[Source records]
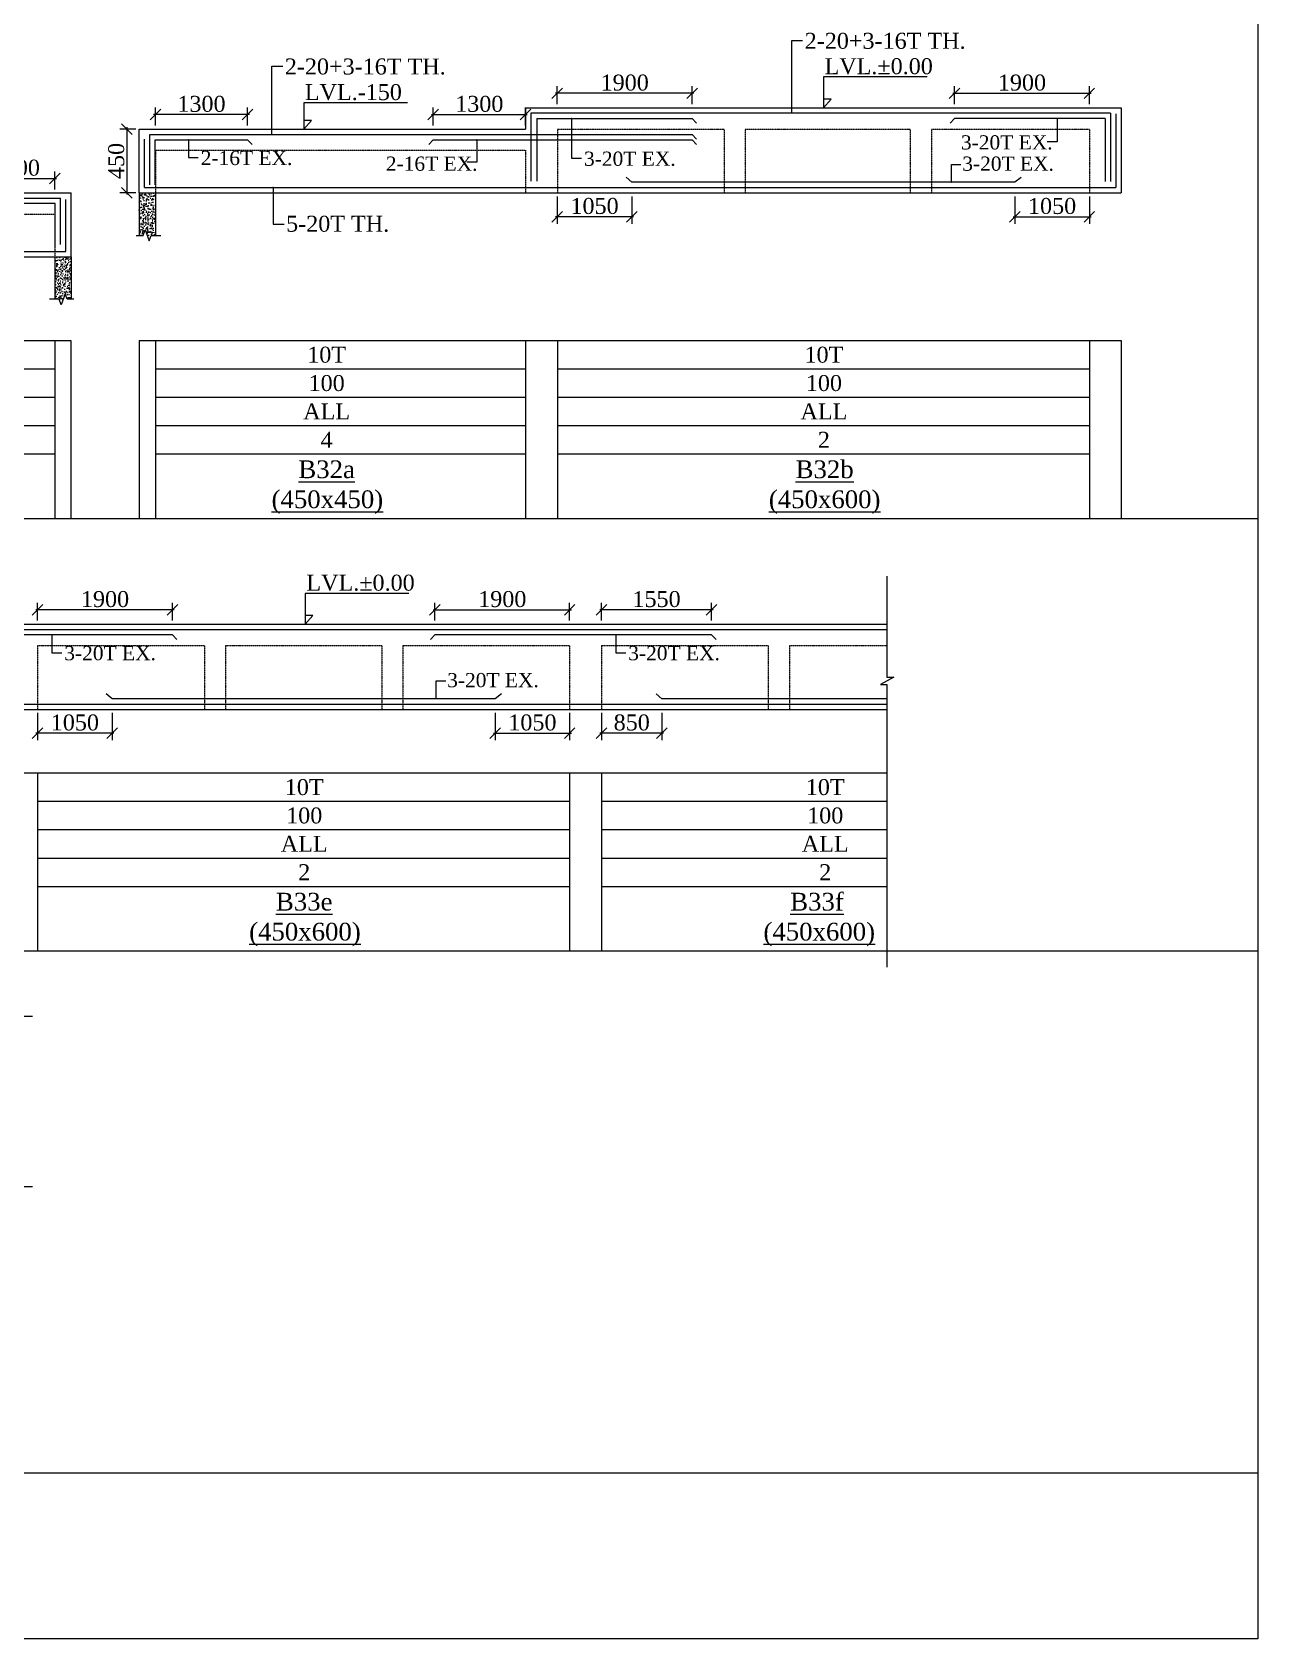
# Model space of a CAD drawing. Header units: millimetres. Extents: x 9781889 to 10654170, y -7832723 to -7608561.
# Drawn here: x 10063507 to 10080786, y -7801878 to -7779221 of the extents above; entities that cross this region are included whole.
import ezdxf
from ezdxf.enums import TextEntityAlignment as Align

# ---------------------------------------------------------------- set-up
doc = ezdxf.new("R2010")
doc.units = ezdxf.units.MM
doc.header["$LTSCALE"] = 10
doc.header["$PDMODE"] = 3
doc.linetypes.add('HIDDEN', pattern=[0.375, 0.25, -0.125])
for name, color, linetype, lineweight in [('LVL', 3, 'Continuous', 0), ('S-CUT OUT LINE', 9, 'Continuous', 0), ('S-DIM L.S.', 7, 'Continuous', 0), ('S-HATCH', 8, 'Continuous', 0), ('S-L.S.SECTION', 5, 'Continuous', 0), ('S-L.S.SLAB LINE', 252, 'HIDDEN', 0), ('S-L.S.STEEL', 1, 'Continuous', 9), ('S-SECTION MARK', 7, 'Continuous', 0), ('S-SHEET', 251, 'Continuous', 0), ('S-TEXT', 7, 'Continuous', 0), ('S-TEXT L.S. BEAM NO.', 30, 'Continuous', 0), ('S-TEXT. L.S.', 7, 'Continuous', 0)]:
    doc.layers.add(name, color=color, linetype=linetype, lineweight=lineweight)
doc.styles.add('135', font='arial.ttf', dxfattribs={"width": 0.8, "height": 135})
doc.styles.get("Standard").update_dxf_attribs({"font": 'arial.ttf'})
doc.styles.add('TEXT', font='times.ttf')
doc.dimstyles.new('75', dxfattribs={"dimtxt": 135, "dimasz": 90, "dimexe": 0.1, "dimexo": 0.03, "dimgap": 0.09, "dimtad": 1, "dimdec": 0, "dimzin": 0, "dimdsep": 46, "dimtxsty": '135', "dimblk": 'ARCHTICK', "dimcen": 0.09, "dimclrd": 256, "dimclre": 256, "dimclrt": 256, "dimadec": 0, "dimazin": 0, "dimtfac": 1, "dimtdec": 0, "dimtofl": 0, "dimtmove": 1, "dimatfit": 3, "dimldrblk": 'DOTSMALL', "dimfxl": 1, "dimtolj": 1, "dimtzin": 0, "dimlwd": -1, "dimlwe": -1, "dimarcsym": 0})
doc.dimstyles.new('SETU_1', dxfattribs={"dimtxt": 200, "dimasz": 150, "dimexe": 100, "dimexo": 50, "dimgap": 35, "dimtad": 1, "dimdec": 0, "dimzin": 0, "dimdsep": 46, "dimtxsty": 'Standard', "dimblk": 'OBLIQUE', "dimcen": 150, "dimdle": 25, "dimclrd": 256, "dimclre": 7, "dimclrt": 256, "dimadec": 0, "dimazin": 0, "dimtfac": 1, "dimtdec": 0, "dimtofl": 0, "dimtmove": 1, "dimatfit": 3, "dimfxl": 1, "dimtolj": 1, "dimtzin": 0, "dimlwd": -1, "dimlwe": 5, "dimarcsym": 1})

# ---------------------------------------------------------------- blocks, each defined once
blk = doc.blocks.new('_ArchTick')
at = {"color": 0, "linetype": 'ByBlock', "const_width": 0.15}
blk.add_lwpolyline([(-0.5, -0.5), (0.5, 0.5)], dxfattribs=at)
blk = doc.blocks.new('_Oblique')
at = {"color": 0, "linetype": 'ByBlock', "lineweight": -2}
blk.add_line((-0.5, -0.5), (0.5, 0.5), dxfattribs=at)
blk = doc.blocks.new('*D207')
at = {"layer": 'Defpoints', "color": 0, "transparency": 16777216}
for p in [(10065244, -7780384), (10065244, -7780588, 0), (10066544, -7780588, 0)]:
    blk.add_point(p, dxfattribs=at)
at = {"layer": 'S-DIM L.S.', "transparency": 16777216}
blk.add_line((10066569, -7780384), (10065219, -7780384), dxfattribs=at)
at = {"layer": 'S-DIM L.S.', "color": 7, "lineweight": 5, "transparency": 16777216}
for p, q in [((10065244, -7780538), (10065244, -7780284)), ((10066544, -7780538), (10066544, -7780284))]:
    blk.add_line(p, q, dxfattribs=at)
at = {"layer": 'S-DIM L.S.', "transparency": 16777216, "xscale": 150, "yscale": 150, "zscale": 150, "rotation": 180}
blk.add_blockref('_Oblique', (10065244, -7780384), dxfattribs=at)
at = {"layer": 'S-DIM L.S.', "transparency": 16777216, "xscale": 150, "yscale": 150, "zscale": 150}
blk.add_blockref('_Oblique', (10066544, -7780384), dxfattribs=at)
at = {"layer": 'S-DIM L.S.', "transparency": 16777216, "insert": (10065894, -7780234), "char_height": 225, "attachment_point": 5, "style": 'TEXT'}
blk.add_mtext('\\A1;1300', dxfattribs=at)
blk = doc.blocks.new('*D208')
at = {"layer": 'Defpoints', "color": 0, "transparency": 16777216}
for p in [(10065018, -7780588), (10064842, -7781488), (10065018, -7781488)]:
    blk.add_point(p, dxfattribs=at)
at = {"layer": 'S-DIM L.S.', "color": 7, "lineweight": 5, "transparency": 16777216}
for p, q in [((10064968, -7780588), (10064742, -7780588)), ((10064968, -7781488), (10064742, -7781488))]:
    blk.add_line(p, q, dxfattribs=at)
at = {"layer": 'S-DIM L.S.', "transparency": 16777216}
blk.add_line((10064842, -7780563), (10064842, -7781513), dxfattribs=at)
at = {"layer": 'S-DIM L.S.', "transparency": 16777216, "xscale": 150, "yscale": 150, "zscale": 150}
for p, rotation in [((10064842, -7780588), 90), ((10064842, -7781488), 270)]:
    blk.add_blockref('_Oblique', p, dxfattribs=dict(at, rotation=rotation))
at = {"layer": 'S-DIM L.S.', "transparency": 16777216, "insert": (10064693, -7781038), "char_height": 225, "attachment_point": 5, "rotation": 90, "style": 'TEXT'}
blk.add_mtext('\\A1;450', dxfattribs=at)
blk = doc.blocks.new('*D209')
at = {"layer": 'Defpoints', "color": 0, "transparency": 16777216}
for p in [(10070910, -7780084), (10070910, -7780288, 0), (10072810, -7780288, 0)]:
    blk.add_point(p, dxfattribs=at)
at = {"layer": 'S-DIM L.S.', "color": 7, "lineweight": 5, "transparency": 16777216}
for p, q in [((10070910, -7780238), (10070910, -7779984)), ((10072810, -7780238), (10072810, -7779984))]:
    blk.add_line(p, q, dxfattribs=at)
at = {"layer": 'S-DIM L.S.', "transparency": 16777216}
blk.add_line((10072835, -7780084), (10070885, -7780084), dxfattribs=at)
at = {"layer": 'S-DIM L.S.', "transparency": 16777216, "xscale": 150, "yscale": 150, "zscale": 150, "rotation": 180}
blk.add_blockref('_Oblique', (10070910, -7780084), dxfattribs=at)
at = {"layer": 'S-DIM L.S.', "transparency": 16777216, "xscale": 150, "yscale": 150, "zscale": 150}
blk.add_blockref('_Oblique', (10072810, -7780084), dxfattribs=at)
at = {"layer": 'S-DIM L.S.', "transparency": 16777216, "insert": (10071860, -7779934), "char_height": 225, "attachment_point": 5, "style": 'TEXT'}
blk.add_mtext('\\A1;1900', dxfattribs=at)
blk = doc.blocks.new('*D210')
at = {"layer": 'Defpoints', "color": 0, "transparency": 16777216}
for p in [(10070460, -7780384), (10069160, -7780588, 0), (10070460, -7780588, 0)]:
    blk.add_point(p, dxfattribs=at)
at = {"layer": 'S-DIM L.S.', "transparency": 16777216}
blk.add_line((10069135, -7780384), (10070485, -7780384), dxfattribs=at)
at = {"layer": 'S-DIM L.S.', "color": 7, "lineweight": 5, "transparency": 16777216}
for p, q in [((10069160, -7780538), (10069160, -7780284)), ((10070460, -7780538), (10070460, -7780284))]:
    blk.add_line(p, q, dxfattribs=at)
at = {"layer": 'S-DIM L.S.', "transparency": 16777216, "xscale": 150, "yscale": 150, "zscale": 150, "rotation": 180}
blk.add_blockref('_Oblique', (10069160, -7780384), dxfattribs=at)
at = {"layer": 'S-DIM L.S.', "transparency": 16777216, "xscale": 150, "yscale": 150, "zscale": 150}
blk.add_blockref('_Oblique', (10070460, -7780384), dxfattribs=at)
at = {"layer": 'S-DIM L.S.', "transparency": 16777216, "insert": (10069810, -7780234), "char_height": 225, "attachment_point": 5, "style": 'TEXT'}
blk.add_mtext('\\A1;1300', dxfattribs=at)
blk = doc.blocks.new('*D211')
at = {"layer": 'Defpoints', "color": 0, "transparency": 16777216}
for p in [(10077360, -7781488, 0), (10078410, -7781488, 0), (10078410, -7781824)]:
    blk.add_point(p, dxfattribs=at)
at = {"layer": 'S-DIM L.S.', "color": 7, "lineweight": 5, "transparency": 16777216}
for p, q in [((10077360, -7781538), (10077360, -7781924)), ((10078410, -7781538), (10078410, -7781924))]:
    blk.add_line(p, q, dxfattribs=at)
at = {"layer": 'S-DIM L.S.', "transparency": 16777216}
blk.add_line((10077335, -7781824), (10078435, -7781824), dxfattribs=at)
at = {"layer": 'S-DIM L.S.', "transparency": 16777216, "xscale": 150, "yscale": 150, "zscale": 150, "rotation": 180}
blk.add_blockref('_Oblique', (10077360, -7781824), dxfattribs=at)
at = {"layer": 'S-DIM L.S.', "transparency": 16777216, "xscale": 150, "yscale": 150, "zscale": 150}
blk.add_blockref('_Oblique', (10078410, -7781824), dxfattribs=at)
at = {"layer": 'S-DIM L.S.', "transparency": 16777216, "insert": (10077885, -7781674), "char_height": 225, "attachment_point": 5, "style": 'TEXT'}
blk.add_mtext('\\A1;1050', dxfattribs=at)
blk = doc.blocks.new('*D212')
at = {"layer": 'Defpoints', "color": 0, "transparency": 16777216}
for p in [(10070910, -7781488, 0), (10071960, -7781488, 0), (10070910, -7781824)]:
    blk.add_point(p, dxfattribs=at)
at = {"layer": 'S-DIM L.S.', "color": 7, "lineweight": 5, "transparency": 16777216}
for p, q in [((10070910, -7781538), (10070910, -7781924)), ((10071960, -7781538), (10071960, -7781924))]:
    blk.add_line(p, q, dxfattribs=at)
at = {"layer": 'S-DIM L.S.', "transparency": 16777216}
blk.add_line((10071985, -7781824), (10070885, -7781824), dxfattribs=at)
at = {"layer": 'S-DIM L.S.', "transparency": 16777216, "xscale": 150, "yscale": 150, "zscale": 150, "rotation": 180}
blk.add_blockref('_Oblique', (10070910, -7781824), dxfattribs=at)
at = {"layer": 'S-DIM L.S.', "transparency": 16777216, "xscale": 150, "yscale": 150, "zscale": 150}
blk.add_blockref('_Oblique', (10071960, -7781824), dxfattribs=at)
at = {"layer": 'S-DIM L.S.', "transparency": 16777216, "insert": (10071435, -7781674), "char_height": 225, "attachment_point": 5, "style": 'TEXT'}
blk.add_mtext('\\A1;1050', dxfattribs=at)
blk = doc.blocks.new('*D206')
at = {"layer": 'Defpoints', "color": 0, "transparency": 16777216}
for p in [(10078410, -7780084), (10076510, -7780288, 0), (10078410, -7780288, 0)]:
    blk.add_point(p, dxfattribs=at)
at = {"layer": 'S-DIM L.S.', "color": 7, "lineweight": 5, "transparency": 16777216}
for p, q in [((10076510, -7780238), (10076510, -7779984)), ((10078410, -7780238), (10078410, -7779984))]:
    blk.add_line(p, q, dxfattribs=at)
at = {"layer": 'S-DIM L.S.', "transparency": 16777216}
blk.add_line((10076485, -7780084), (10078435, -7780084), dxfattribs=at)
at = {"layer": 'S-DIM L.S.', "transparency": 16777216, "xscale": 150, "yscale": 150, "zscale": 150, "rotation": 180}
blk.add_blockref('_Oblique', (10076510, -7780084), dxfattribs=at)
at = {"layer": 'S-DIM L.S.', "transparency": 16777216, "xscale": 150, "yscale": 150, "zscale": 150}
blk.add_blockref('_Oblique', (10078410, -7780084), dxfattribs=at)
at = {"layer": 'S-DIM L.S.', "transparency": 16777216, "insert": (10077460, -7779934), "char_height": 225, "attachment_point": 5, "style": 'TEXT'}
blk.add_mtext('\\A1;1900', dxfattribs=at)
blk = doc.blocks.new('*D352')
at = {"layer": 'Defpoints', "color": 0, "transparency": 16777216}
for p in [(10063584, -7787367), (10063584, -7787570, 0), (10065484, -7787570, 0)]:
    blk.add_point(p, dxfattribs=at)
at = {"layer": 'S-DIM L.S.', "color": 7, "lineweight": 5, "transparency": 16777216}
for p, q in [((10063584, -7787520), (10063584, -7787267)), ((10065484, -7787520), (10065484, -7787267))]:
    blk.add_line(p, q, dxfattribs=at)
at = {"layer": 'S-DIM L.S.', "transparency": 16777216}
blk.add_line((10065509, -7787367), (10063559, -7787367), dxfattribs=at)
at = {"layer": 'S-DIM L.S.', "transparency": 16777216, "xscale": 150, "yscale": 150, "zscale": 150, "rotation": 180}
blk.add_blockref('_Oblique', (10063584, -7787367), dxfattribs=at)
at = {"layer": 'S-DIM L.S.', "transparency": 16777216, "xscale": 150, "yscale": 150, "zscale": 150}
blk.add_blockref('_Oblique', (10065484, -7787367), dxfattribs=at)
at = {"layer": 'S-DIM L.S.', "transparency": 16777216, "insert": (10064534, -7787217), "char_height": 225, "attachment_point": 5, "style": 'TEXT'}
blk.add_mtext('\\A1;1900', dxfattribs=at)
blk = doc.blocks.new('*D353')
at = {"layer": 'Defpoints', "color": 0, "transparency": 16777216}
for p in [(10071084, -7787367), (10069184, -7787570, 0), (10071084, -7787570, 0)]:
    blk.add_point(p, dxfattribs=at)
at = {"layer": 'S-DIM L.S.', "color": 7, "lineweight": 5, "transparency": 16777216}
for p, q in [((10069184, -7787520), (10069184, -7787267)), ((10071084, -7787520), (10071084, -7787267))]:
    blk.add_line(p, q, dxfattribs=at)
at = {"layer": 'S-DIM L.S.', "transparency": 16777216}
blk.add_line((10069159, -7787367), (10071109, -7787367), dxfattribs=at)
at = {"layer": 'S-DIM L.S.', "transparency": 16777216, "xscale": 150, "yscale": 150, "zscale": 150, "rotation": 180}
blk.add_blockref('_Oblique', (10069184, -7787367), dxfattribs=at)
at = {"layer": 'S-DIM L.S.', "transparency": 16777216, "xscale": 150, "yscale": 150, "zscale": 150}
blk.add_blockref('_Oblique', (10071084, -7787367), dxfattribs=at)
at = {"layer": 'S-DIM L.S.', "transparency": 16777216, "insert": (10070134, -7787217), "char_height": 225, "attachment_point": 5, "style": 'TEXT'}
blk.add_mtext('\\A1;1900', dxfattribs=at)
blk = doc.blocks.new('*D354')
at = {"layer": 'Defpoints', "color": 0, "transparency": 16777216}
for p in [(10071534, -7787367), (10071534, -7787570, 0), (10073084, -7787570, 0)]:
    blk.add_point(p, dxfattribs=at)
at = {"layer": 'S-DIM L.S.', "color": 7, "lineweight": 5, "transparency": 16777216}
for p, q in [((10071534, -7787520), (10071534, -7787267)), ((10073084, -7787520), (10073084, -7787267))]:
    blk.add_line(p, q, dxfattribs=at)
at = {"layer": 'S-DIM L.S.', "transparency": 16777216}
blk.add_line((10073109, -7787367), (10071509, -7787367), dxfattribs=at)
at = {"layer": 'S-DIM L.S.', "transparency": 16777216, "xscale": 150, "yscale": 150, "zscale": 150, "rotation": 180}
blk.add_blockref('_Oblique', (10071534, -7787367), dxfattribs=at)
at = {"layer": 'S-DIM L.S.', "transparency": 16777216, "xscale": 150, "yscale": 150, "zscale": 150}
blk.add_blockref('_Oblique', (10073084, -7787367), dxfattribs=at)
at = {"layer": 'S-DIM L.S.', "transparency": 16777216, "insert": (10072309, -7787217), "char_height": 225, "attachment_point": 5, "style": 'TEXT'}
blk.add_mtext('\\A1;1550', dxfattribs=at)
blk = doc.blocks.new('*D363')
at = {"layer": 'Defpoints', "color": 0, "transparency": 16777216}
for p in [(10070034, -7788770, 0), (10071084, -7788770, 0), (10071084, -7789106)]:
    blk.add_point(p, dxfattribs=at)
at = {"layer": 'S-DIM L.S.', "color": 7, "lineweight": 5, "transparency": 16777216}
for p, q in [((10070034, -7788820), (10070034, -7789206)), ((10071084, -7788820), (10071084, -7789206))]:
    blk.add_line(p, q, dxfattribs=at)
at = {"layer": 'S-DIM L.S.', "transparency": 16777216}
blk.add_line((10070009, -7789106), (10071109, -7789106), dxfattribs=at)
at = {"layer": 'S-DIM L.S.', "transparency": 16777216, "xscale": 150, "yscale": 150, "zscale": 150, "rotation": 180}
blk.add_blockref('_Oblique', (10070034, -7789106), dxfattribs=at)
at = {"layer": 'S-DIM L.S.', "transparency": 16777216, "xscale": 150, "yscale": 150, "zscale": 150}
blk.add_blockref('_Oblique', (10071084, -7789106), dxfattribs=at)
at = {"layer": 'S-DIM L.S.', "transparency": 16777216, "insert": (10070559, -7788957), "char_height": 225, "attachment_point": 5, "style": 'TEXT'}
blk.add_mtext('\\A1;1050', dxfattribs=at)
blk = doc.blocks.new('*D364')
at = {"layer": 'Defpoints', "color": 0, "transparency": 16777216}
for p in [(10063584, -7788770, 0), (10064634, -7788770, 0), (10063584, -7789106)]:
    blk.add_point(p, dxfattribs=at)
at = {"layer": 'S-DIM L.S.', "color": 7, "lineweight": 5, "transparency": 16777216}
for p, q in [((10063584, -7788820), (10063584, -7789206)), ((10064634, -7788820), (10064634, -7789206))]:
    blk.add_line(p, q, dxfattribs=at)
at = {"layer": 'S-DIM L.S.', "transparency": 16777216}
blk.add_line((10064659, -7789106), (10063559, -7789106), dxfattribs=at)
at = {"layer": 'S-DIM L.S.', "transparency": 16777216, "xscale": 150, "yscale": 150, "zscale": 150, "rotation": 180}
[/Source records]
__Problem description__
Out of the preceding entries, pull every line containing the string "dimexo".

__Answer to the problem__
doc.dimstyles.new('75', dxfattribs={"dimtxt": 135, "dimasz": 90, "dimexe": 0.1, "dimexo": 0.03, "dimgap": 0.09, "dimtad": 1, "dimdec": 0, "dimzin": 0, "dimdsep": 46, "dimtxsty": '135', "dimblk": 'ARCHTICK', "dimcen": 0.09, "dimclrd": 256, "dimclre": 256, "dimclrt": 256, "dimadec": 0, "dimazin": 0, "dimtfac": 1, "dimtdec": 0, "dimtofl": 0, "dimtmove": 1, "dimatfit": 3, "dimldrblk": 'DOTSMALL', "dimfxl": 1, "dimtolj": 1, "dimtzin": 0, "dimlwd": -1, "dimlwe": -1, "dimarcsym": 0})
doc.dimstyles.new('SETU_1', dxfattribs={"dimtxt": 200, "dimasz": 150, "dimexe": 100, "dimexo": 50, "dimgap": 35, "dimtad": 1, "dimdec": 0, "dimzin": 0, "dimdsep": 46, "dimtxsty": 'Standard', "dimblk": 'OBLIQUE', "dimcen": 150, "dimdle": 25, "dimclrd": 256, "dimclre": 7, "dimclrt": 256, "dimadec": 0, "dimazin": 0, "dimtfac": 1, "dimtdec": 0, "dimtofl": 0, "dimtmove": 1, "dimatfit": 3, "dimfxl": 1, "dimtolj": 1, "dimtzin": 0, "dimlwd": -1, "dimlwe": 5, "dimarcsym": 1})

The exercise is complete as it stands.